> _Data shown_:
____

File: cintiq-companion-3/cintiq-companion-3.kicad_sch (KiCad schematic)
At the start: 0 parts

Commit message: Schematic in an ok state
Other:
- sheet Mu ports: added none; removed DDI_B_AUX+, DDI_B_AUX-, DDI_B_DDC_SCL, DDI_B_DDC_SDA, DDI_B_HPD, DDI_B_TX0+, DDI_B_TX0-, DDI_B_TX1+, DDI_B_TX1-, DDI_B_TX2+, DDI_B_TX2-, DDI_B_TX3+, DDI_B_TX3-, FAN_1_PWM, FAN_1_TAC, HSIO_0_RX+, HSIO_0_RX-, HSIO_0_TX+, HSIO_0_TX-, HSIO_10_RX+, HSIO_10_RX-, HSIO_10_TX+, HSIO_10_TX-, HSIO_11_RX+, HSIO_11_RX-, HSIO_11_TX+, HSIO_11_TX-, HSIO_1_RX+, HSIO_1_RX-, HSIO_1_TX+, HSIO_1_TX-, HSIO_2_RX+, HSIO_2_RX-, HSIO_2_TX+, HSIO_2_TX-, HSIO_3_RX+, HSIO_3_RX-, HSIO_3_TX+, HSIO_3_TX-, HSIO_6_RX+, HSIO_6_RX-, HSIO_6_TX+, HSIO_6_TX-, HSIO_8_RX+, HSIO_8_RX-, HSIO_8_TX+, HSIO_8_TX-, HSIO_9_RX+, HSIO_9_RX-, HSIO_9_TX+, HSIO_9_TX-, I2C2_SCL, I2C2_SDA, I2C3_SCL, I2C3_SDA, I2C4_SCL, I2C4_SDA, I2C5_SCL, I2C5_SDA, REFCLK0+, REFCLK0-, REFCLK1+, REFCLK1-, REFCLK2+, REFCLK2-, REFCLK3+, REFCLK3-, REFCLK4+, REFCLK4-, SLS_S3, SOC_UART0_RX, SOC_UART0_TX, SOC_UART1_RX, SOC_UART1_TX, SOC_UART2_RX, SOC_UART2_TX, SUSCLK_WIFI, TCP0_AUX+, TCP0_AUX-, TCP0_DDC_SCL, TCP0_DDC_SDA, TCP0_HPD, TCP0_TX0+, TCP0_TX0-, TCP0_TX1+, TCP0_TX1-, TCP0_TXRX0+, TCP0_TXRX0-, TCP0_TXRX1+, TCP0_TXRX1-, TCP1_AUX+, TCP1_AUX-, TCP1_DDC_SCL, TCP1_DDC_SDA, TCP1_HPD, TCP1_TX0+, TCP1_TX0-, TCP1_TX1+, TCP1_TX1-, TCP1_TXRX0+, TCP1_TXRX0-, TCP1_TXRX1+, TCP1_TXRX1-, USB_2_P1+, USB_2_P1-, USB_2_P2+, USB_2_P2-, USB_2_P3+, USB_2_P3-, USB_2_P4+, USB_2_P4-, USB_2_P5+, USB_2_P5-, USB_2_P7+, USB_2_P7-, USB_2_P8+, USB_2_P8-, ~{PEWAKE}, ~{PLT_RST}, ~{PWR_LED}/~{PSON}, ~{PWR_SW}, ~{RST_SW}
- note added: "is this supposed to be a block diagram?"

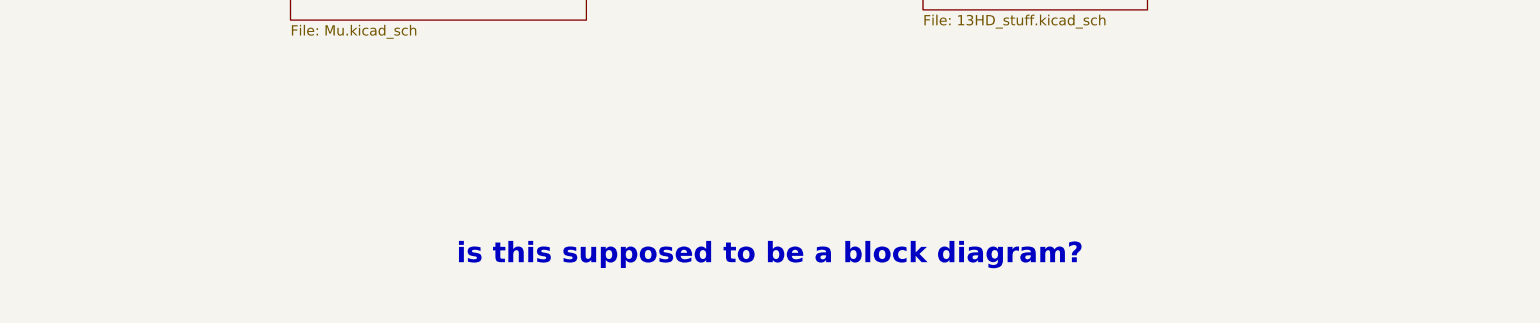
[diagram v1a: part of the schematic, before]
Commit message: Did some footprint assignments and added reference image to pcb editor
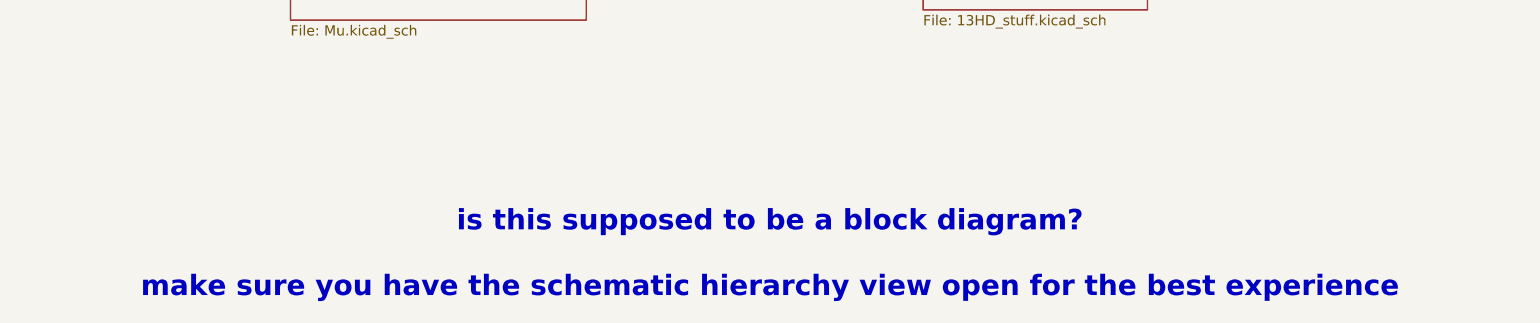
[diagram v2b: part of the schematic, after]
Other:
- note added: "is this supposed to be a block diagram? make sure you have the schematic hierarchy view open for the best experience"
- note removed: "is this supposed to be a block diagram?"
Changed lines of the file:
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@@
 		(company "WifiCable")
 	)
-	(text "is this supposed to be a block diagram?"
+	(text "is this supposed to be a block diagram?\n\nmake sure you have the schematic hierarchy view open for the best experience"
 		(exclude_from_sim no)
 		(at 149.86 133.35 0)

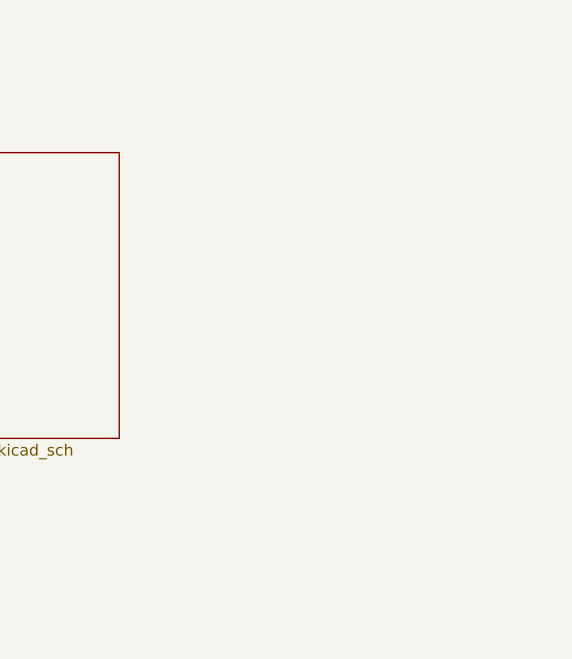
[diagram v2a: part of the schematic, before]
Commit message: Added m.2 ssd slot, did some test routing
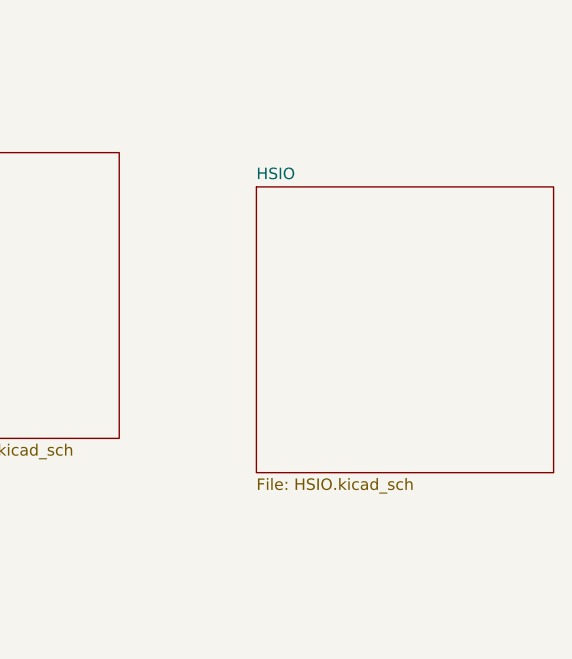
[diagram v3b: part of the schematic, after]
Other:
- added sheet HSIO (HSIO.kicad_sch)
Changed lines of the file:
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@@
+	)
+	(sheet
+		(at 212.09 74.93)
+		(size 33.02 31.75)
+		(fields_autoplaced yes)
+		(stroke
+			(width 0.1524)
+			(type solid)
+		)
+		(fill
+			(color 0 0 0 0.0000)
+		)
+		(property "Sheetname" "HSIO"
+			(at 212.09 74.2184 0)
+			(effects
+				(font
+					(size 1.27 1.27)
+				)
+				(justify left bottom)
+			)
+		)
+		(property "Sheetfile" "HSIO.kicad_sch"
+			(at 212.09 107.2646 0)
+			(effects
+				(font
+					(size 1.27 1.27)
+				)
+				(justify left top)
+			)
+		)
+		(instances
+			(project "cintiq-companion-3"
+				(path "/ef92970f-f7a1-4011-9c13-6d46a45b923d"
+					(page "4")
+				)
+			)
+		)
 	)
 	(sheet

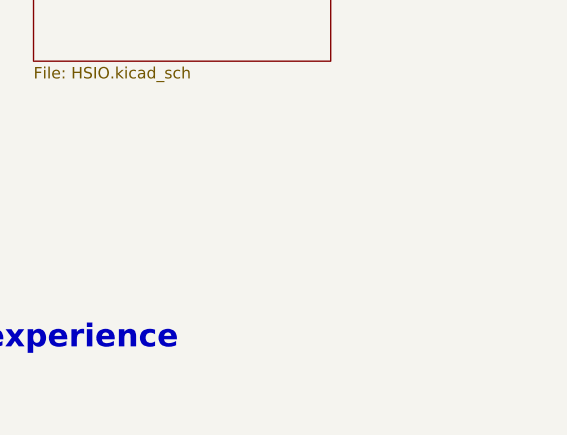
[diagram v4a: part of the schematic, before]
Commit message: Added B-key slot and dual bios chips
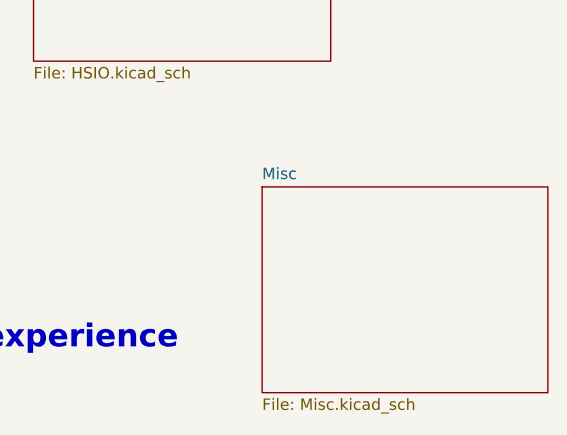
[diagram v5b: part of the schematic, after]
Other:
- added sheet Misc (Misc.kicad_sch)
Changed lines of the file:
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@@
+		)
+	)
+	(sheet
+		(at 237.49 120.65)
+		(size 31.75 22.86)
+		(fields_autoplaced yes)
+		(stroke
+			(width 0.1524)
+			(type solid)
+		)
+		(fill
+			(color 0 0 0 0.0000)
+		)
+		(property "Sheetname" "Misc"
+			(at 237.49 119.9384 0)
+			(effects
+				(font
+					(size 1.27 1.27)
+				)
+				(justify left bottom)
+			)
+		)
+		(property "Sheetfile" "Misc.kicad_sch"
+			(at 237.49 144.0946 0)
+			(effects
+				(font
+					(size 1.27 1.27)
+				)
+				(justify left top)
+			)
+		)
+		(instances
+			(project "cintiq-companion-3"
+				(path "/ef92970f-f7a1-4011-9c13-6d46a45b923d"
+					(page "5")
+				)
+			)
 		)
 	)

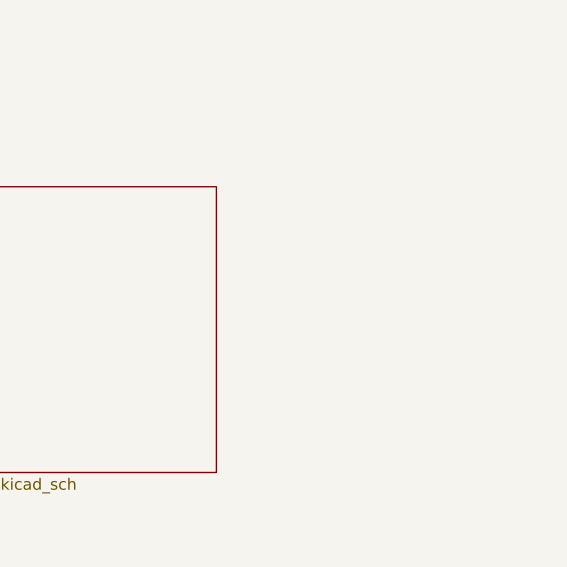
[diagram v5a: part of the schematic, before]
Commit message: Started adding type-c
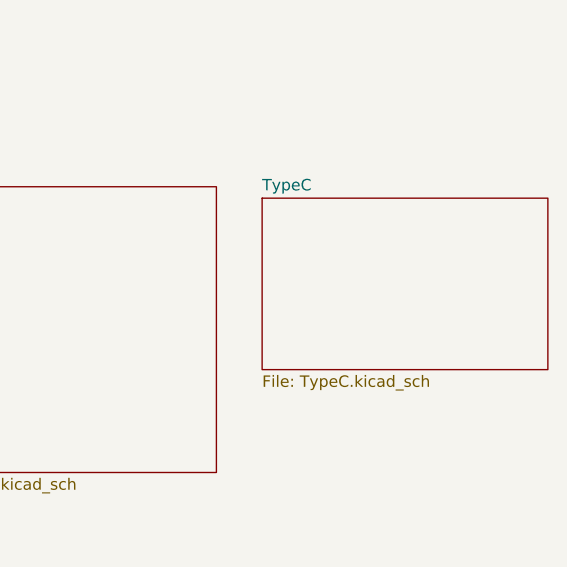
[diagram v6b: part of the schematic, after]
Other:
- added sheet TypeC (TypeC.kicad_sch)
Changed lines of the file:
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@@
+	)
+	(sheet
+		(at 250.19 76.2)
+		(size 31.75 19.05)
+		(fields_autoplaced yes)
+		(stroke
+			(width 0.1524)
+			(type solid)
+		)
+		(fill
+			(color 0 0 0 0.0000)
+		)
+		(property "Sheetname" "TypeC"
+			(at 250.19 75.4884 0)
+			(effects
+				(font
+					(size 1.27 1.27)
+				)
+				(justify left bottom)
+			)
+		)
+		(property "Sheetfile" "TypeC.kicad_sch"
+			(at 250.19 95.8346 0)
+			(effects
+				(font
+					(size 1.27 1.27)
+				)
+				(justify left top)
+			)
+		)
+		(instances
+			(project "cintiq-companion-3"
+				(path "/ef92970f-f7a1-4011-9c13-6d46a45b923d"
+					(page "5")
+				)
+			)
+		)
 	)
 	(sheet
@@
 			(project "cintiq-companion-3"
 				(path "/ef92970f-f7a1-4011-9c13-6d46a45b923d"
-					(page "5")
+					(page "6")
 				)
 			)

____

> _Action item_: Only the pictures are to be left out; write out all the other data exactly.

> _The answer_:
File: cintiq-companion-3/cintiq-companion-3.kicad_sch (KiCad schematic)
At the start: 0 parts

Commit message: Schematic in an ok state
Other:
- sheet Mu ports: added none; removed DDI_B_AUX+, DDI_B_AUX-, DDI_B_DDC_SCL, DDI_B_DDC_SDA, DDI_B_HPD, DDI_B_TX0+, DDI_B_TX0-, DDI_B_TX1+, DDI_B_TX1-, DDI_B_TX2+, DDI_B_TX2-, DDI_B_TX3+, DDI_B_TX3-, FAN_1_PWM, FAN_1_TAC, HSIO_0_RX+, HSIO_0_RX-, HSIO_0_TX+, HSIO_0_TX-, HSIO_10_RX+, HSIO_10_RX-, HSIO_10_TX+, HSIO_10_TX-, HSIO_11_RX+, HSIO_11_RX-, HSIO_11_TX+, HSIO_11_TX-, HSIO_1_RX+, HSIO_1_RX-, HSIO_1_TX+, HSIO_1_TX-, HSIO_2_RX+, HSIO_2_RX-, HSIO_2_TX+, HSIO_2_TX-, HSIO_3_RX+, HSIO_3_RX-, HSIO_3_TX+, HSIO_3_TX-, HSIO_6_RX+, HSIO_6_RX-, HSIO_6_TX+, HSIO_6_TX-, HSIO_8_RX+, HSIO_8_RX-, HSIO_8_TX+, HSIO_8_TX-, HSIO_9_RX+, HSIO_9_RX-, HSIO_9_TX+, HSIO_9_TX-, I2C2_SCL, I2C2_SDA, I2C3_SCL, I2C3_SDA, I2C4_SCL, I2C4_SDA, I2C5_SCL, I2C5_SDA, REFCLK0+, REFCLK0-, REFCLK1+, REFCLK1-, REFCLK2+, REFCLK2-, REFCLK3+, REFCLK3-, REFCLK4+, REFCLK4-, SLS_S3, SOC_UART0_RX, SOC_UART0_TX, SOC_UART1_RX, SOC_UART1_TX, SOC_UART2_RX, SOC_UART2_TX, SUSCLK_WIFI, TCP0_AUX+, TCP0_AUX-, TCP0_DDC_SCL, TCP0_DDC_SDA, TCP0_HPD, TCP0_TX0+, TCP0_TX0-, TCP0_TX1+, TCP0_TX1-, TCP0_TXRX0+, TCP0_TXRX0-, TCP0_TXRX1+, TCP0_TXRX1-, TCP1_AUX+, TCP1_AUX-, TCP1_DDC_SCL, TCP1_DDC_SDA, TCP1_HPD, TCP1_TX0+, TCP1_TX0-, TCP1_TX1+, TCP1_TX1-, TCP1_TXRX0+, TCP1_TXRX0-, TCP1_TXRX1+, TCP1_TXRX1-, USB_2_P1+, USB_2_P1-, USB_2_P2+, USB_2_P2-, USB_2_P3+, USB_2_P3-, USB_2_P4+, USB_2_P4-, USB_2_P5+, USB_2_P5-, USB_2_P7+, USB_2_P7-, USB_2_P8+, USB_2_P8-, ~{PEWAKE}, ~{PLT_RST}, ~{PWR_LED}/~{PSON}, ~{PWR_SW}, ~{RST_SW}
- note added: "is this supposed to be a block diagram?"

[diagram v1a: part of the schematic, before]
Commit message: Did some footprint assignments and added reference image to pcb editor
[diagram v2b: part of the schematic, after]
Other:
- note added: "is this supposed to be a block diagram? make sure you have the schematic hierarchy view open for the best experience"
- note removed: "is this supposed to be a block diagram?"
Changed lines of the file:
@@
 		(company "WifiCable")
 	)
-	(text "is this supposed to be a block diagram?"
+	(text "is this supposed to be a block diagram?\n\nmake sure you have the schematic hierarchy view open for the best experience"
 		(exclude_from_sim no)
 		(at 149.86 133.35 0)

[diagram v2a: part of the schematic, before]
Commit message: Added m.2 ssd slot, did some test routing
[diagram v3b: part of the schematic, after]
Other:
- added sheet HSIO (HSIO.kicad_sch)
Changed lines of the file:
@@
+	)
+	(sheet
+		(at 212.09 74.93)
+		(size 33.02 31.75)
+		(fields_autoplaced yes)
+		(stroke
+			(width 0.1524)
+			(type solid)
+		)
+		(fill
+			(color 0 0 0 0.0000)
+		)
+		(property "Sheetname" "HSIO"
+			(at 212.09 74.2184 0)
+			(effects
+				(font
+					(size 1.27 1.27)
+				)
+				(justify left bottom)
+			)
+		)
+		(property "Sheetfile" "HSIO.kicad_sch"
+			(at 212.09 107.2646 0)
+			(effects
+				(font
+					(size 1.27 1.27)
+				)
+				(justify left top)
+			)
+		)
+		(instances
+			(project "cintiq-companion-3"
+				(path "/ef92970f-f7a1-4011-9c13-6d46a45b923d"
+					(page "4")
+				)
+			)
+		)
 	)
 	(sheet

[diagram v4a: part of the schematic, before]
Commit message: Added B-key slot and dual bios chips
[diagram v5b: part of the schematic, after]
Other:
- added sheet Misc (Misc.kicad_sch)
Changed lines of the file:
@@
+		)
+	)
+	(sheet
+		(at 237.49 120.65)
+		(size 31.75 22.86)
+		(fields_autoplaced yes)
+		(stroke
+			(width 0.1524)
+			(type solid)
+		)
+		(fill
+			(color 0 0 0 0.0000)
+		)
+		(property "Sheetname" "Misc"
+			(at 237.49 119.9384 0)
+			(effects
+				(font
+					(size 1.27 1.27)
+				)
+				(justify left bottom)
+			)
+		)
+		(property "Sheetfile" "Misc.kicad_sch"
+			(at 237.49 144.0946 0)
+			(effects
+				(font
+					(size 1.27 1.27)
+				)
+				(justify left top)
+			)
+		)
+		(instances
+			(project "cintiq-companion-3"
+				(path "/ef92970f-f7a1-4011-9c13-6d46a45b923d"
+					(page "5")
+				)
+			)
 		)
 	)

[diagram v5a: part of the schematic, before]
Commit message: Started adding type-c
[diagram v6b: part of the schematic, after]
Other:
- added sheet TypeC (TypeC.kicad_sch)
Changed lines of the file:
@@
+	)
+	(sheet
+		(at 250.19 76.2)
+		(size 31.75 19.05)
+		(fields_autoplaced yes)
+		(stroke
+			(width 0.1524)
+			(type solid)
+		)
+		(fill
+			(color 0 0 0 0.0000)
+		)
+		(property "Sheetname" "TypeC"
+			(at 250.19 75.4884 0)
+			(effects
+				(font
+					(size 1.27 1.27)
+				)
+				(justify left bottom)
+			)
+		)
+		(property "Sheetfile" "TypeC.kicad_sch"
+			(at 250.19 95.8346 0)
+			(effects
+				(font
+					(size 1.27 1.27)
+				)
+				(justify left top)
+			)
+		)
+		(instances
+			(project "cintiq-companion-3"
+				(path "/ef92970f-f7a1-4011-9c13-6d46a45b923d"
+					(page "5")
+				)
+			)
+		)
 	)
 	(sheet
@@
 			(project "cintiq-companion-3"
 				(path "/ef92970f-f7a1-4011-9c13-6d46a45b923d"
-					(page "5")
+					(page "6")
 				)
 			)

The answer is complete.